I'm not sure if I'm missing something simple or not, but I've got event logs from my Salesforce instance fed in, as well as the User object, and for some reason I can aggregate on some fields of User but not others ... even though the fields exist in Splunk.

index=sfdc sourcetype=LightningPageViewCSV
|join USER_ID [ search sourcetype=sfdc:user | eval USER_ID=substr(Id,1,len(Id)-3) ]
|stats avg(EFFECTIVE_PAGE_TIME) by Name

// this works to aggregate by the user's name. Not really useful but it was a test to make sure something came through.

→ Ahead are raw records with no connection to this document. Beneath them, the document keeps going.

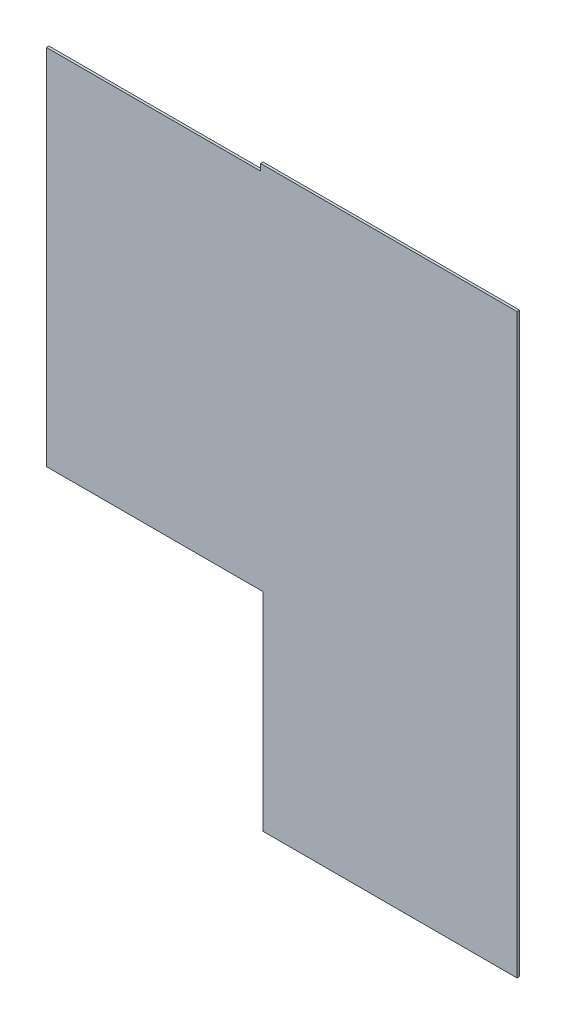
SolidWorks part; units mm, degrees
ref_plane "Спереди" through (0, 0, 0) normal (0, 0, 1) x (1, 0, 0)
ref_plane "Сверху" through (0, 0, 0) normal (0, 1, 0) x (1, 0, 0)
ref_plane "Справа" through (0, 0, 0) normal (1, 0, 0) x (0, 0, -1)
sketch "Эскиз2" plane through (0, 0, 0) normal (0, 0, 1) x (1, 0, 0)
  line L1 (1138.3, -949) -> (524, -949)
  line L2 (0, -447) -> (0, 431)
  line L3 (0, 431) -> (518, 431)
  line L4 (518, 431) -> (518, 447)
  line L5 (518, 447) -> (1138.3, 447)
  line L6 (1138.3, 447) -> (1138.3, -949)
  line L7 (0, -447) -> (524, -447)
  line L8 (524, -447) -> (524, -949)
extrude "Бобышка-Вытянуть1" add sketch "Эскиз2" against normal blind 6
equation "\"Ширина груза\"= 420"
equation "\"Глубина груза\"= 490"
equation "\"Высота груза\"= 297"
equation "\"Ширина ячейки\"= \"Ширина груза\" + 10"
equation "\"Глубина ячейки\"= \"Глубина груза\" + 10"
equation "\"Высота ячейки\"= \"Высота груза\" + 10 + 13"
equation "\"Колво ячеек ширина\"= 2"
equation "\"Колво ячеек высота\"= 2"
equation "\"Толщина стенки\" = 6"
equation "\"Крепление дверцы\"= 5"
equation "\"Ширина рейки\"= \"Толщина шестерни\""
equation "\"Высота рейки\"= 20"
equation "\"Высота пола\"= 20"
equation "\"Колво полозьев\"= 5"
equation "\"Отступ рейки\"= 20"
equation "\"Глубина каретки\"= \"Глубина ячейки\" + 30 + \"Мотор Y высота корпуса\" + 20"
equation "\"Длинна рейки\"= ( \"Ширина ячейки\" + \"Толщина стенки\" + \"Крепление дверцы\" ) * \"Колво ячеек ширина\" + \"Ширина ячейки выгрузки\" * \"Колво выгрузки\" + \"Толщина стенки\""
equation "\"Отступ шпильки\"= 26"
equation "\"Диаметр шпильки\"= 5"
equation "\"Длинна шпильки\"= ( \"Высота ячейки\" + \"Толщина стенки\" + \"Высота пола\" ) * \"Колво ячеек высота\" + ( \"Толщина стенки\" + \"Отступ рейки\" ) * 2 "
equation "\"Ширина пластины\"= 50  "
equation "\"Высота зона выгрузки\"= \"Высота ячейки\" * 2 + \"Толщина стенки\" * 2"
equation "\"Колво выгрузки\"= 1"
equation "\"Ширина ячейки выгрузки\"= \"Ширина ячейки\" + \"Толщина стенки\" + \"Отступ крепления мотора фиксации\"*2"
equation "\"Отступ крепления мотора фиксации\" = 30"
equation "\"Мотор X ширина корпуса\"= 42.3"
equation "\"Мотор X высота корпуса\"= 42.3"
equation "\"Мотор X длина корпуса\"= 40"
equation "\"Мотор X вылет вала\"= 19.8"
equation "\"Мотор Y ширина корпуса\"= 42.3"
equation "\"Мотор Y высота корпуса\"= 42.3"
equation "\"Мотор Y длина корпуса\"= 48"
equation "\"Мотор Y вылет вала\"= 30"
equation "\"Мотор Z ширина корпуса\"= 42"
equation "\"Мотор Z высота корпуса\"= 42"
equation "\"Мотор Z длина корпуса\"= 40"
equation "\"Мотор Z вылет вала\"= 23"
equation "\"Мотор диаметр вала ПРЕДВ\"= 5"
equation "\"Мотор шаг крепления ПРЕДВ\"= 31"
equation "\"Мотор диаметр отверстий ПРЕДВ\"= 3"
equation "\"Мотор глубина отверстий ПРЕДВ\"= 4.5"
equation "\"Мотор диаметр буртика ПРЕДВ\"= 22"
equation "\"Мотор высота буртика ПРЕДВ\"= 2"
equation "\"Мотор диаметр шкива ПРЕДВ\"= 16"
equation "\"Мотор длина шкива ПРЕДВ\"= 12"
equation "\"Мотор отступ шкива ПРЕДВ\"= 5"
equation "\"Мотор X шаг градусов\"= 1.8"
equation "\"Мотор Y шаг градусов\"= 1.8"
equation "\"Мотор Z шаг градусов\"= 1.8"
equation "\"Мотор Y диаметр ротора\"= 25.78"
equation "\"Толщина шестерни\"= 10"
equation "\"D1@Бобышка-Вытянуть1\"=\"Толщина стенки\""

The substring is b/c one object uses the 18-char Salesforce Id, the other uses the shortened 15-char Id. 

index=sfdc sourcetype=LightningPageViewCSV
|join USER_ID [ search sourcetype=sfdc:user | eval USER_ID=substr(Id,1,len(Id)-3) ]
|stats avg(EFFECTIVE_PAGE_TIME) by State__c,Loc__c

//no results from this for some reason ... State__c and Loc__c are custom fields on User.

index=sfdc sourcetype=sfdc:user
index=sfdc sourcetype=sfdc:user Name="[one of the names from the first query]"

//I run these just to see what I've got in my user object and I can see several people with non-null State__c and Loc__c

This is a new dev org I just spun up so I'm not sure if I missed a step in adding these sources or not. The LightningPageViewCSV is an imported static CSV file of the EventLogFile for testing. The sfdc:user was a one time read in of the User object. Both of these are tied to the sfdc index.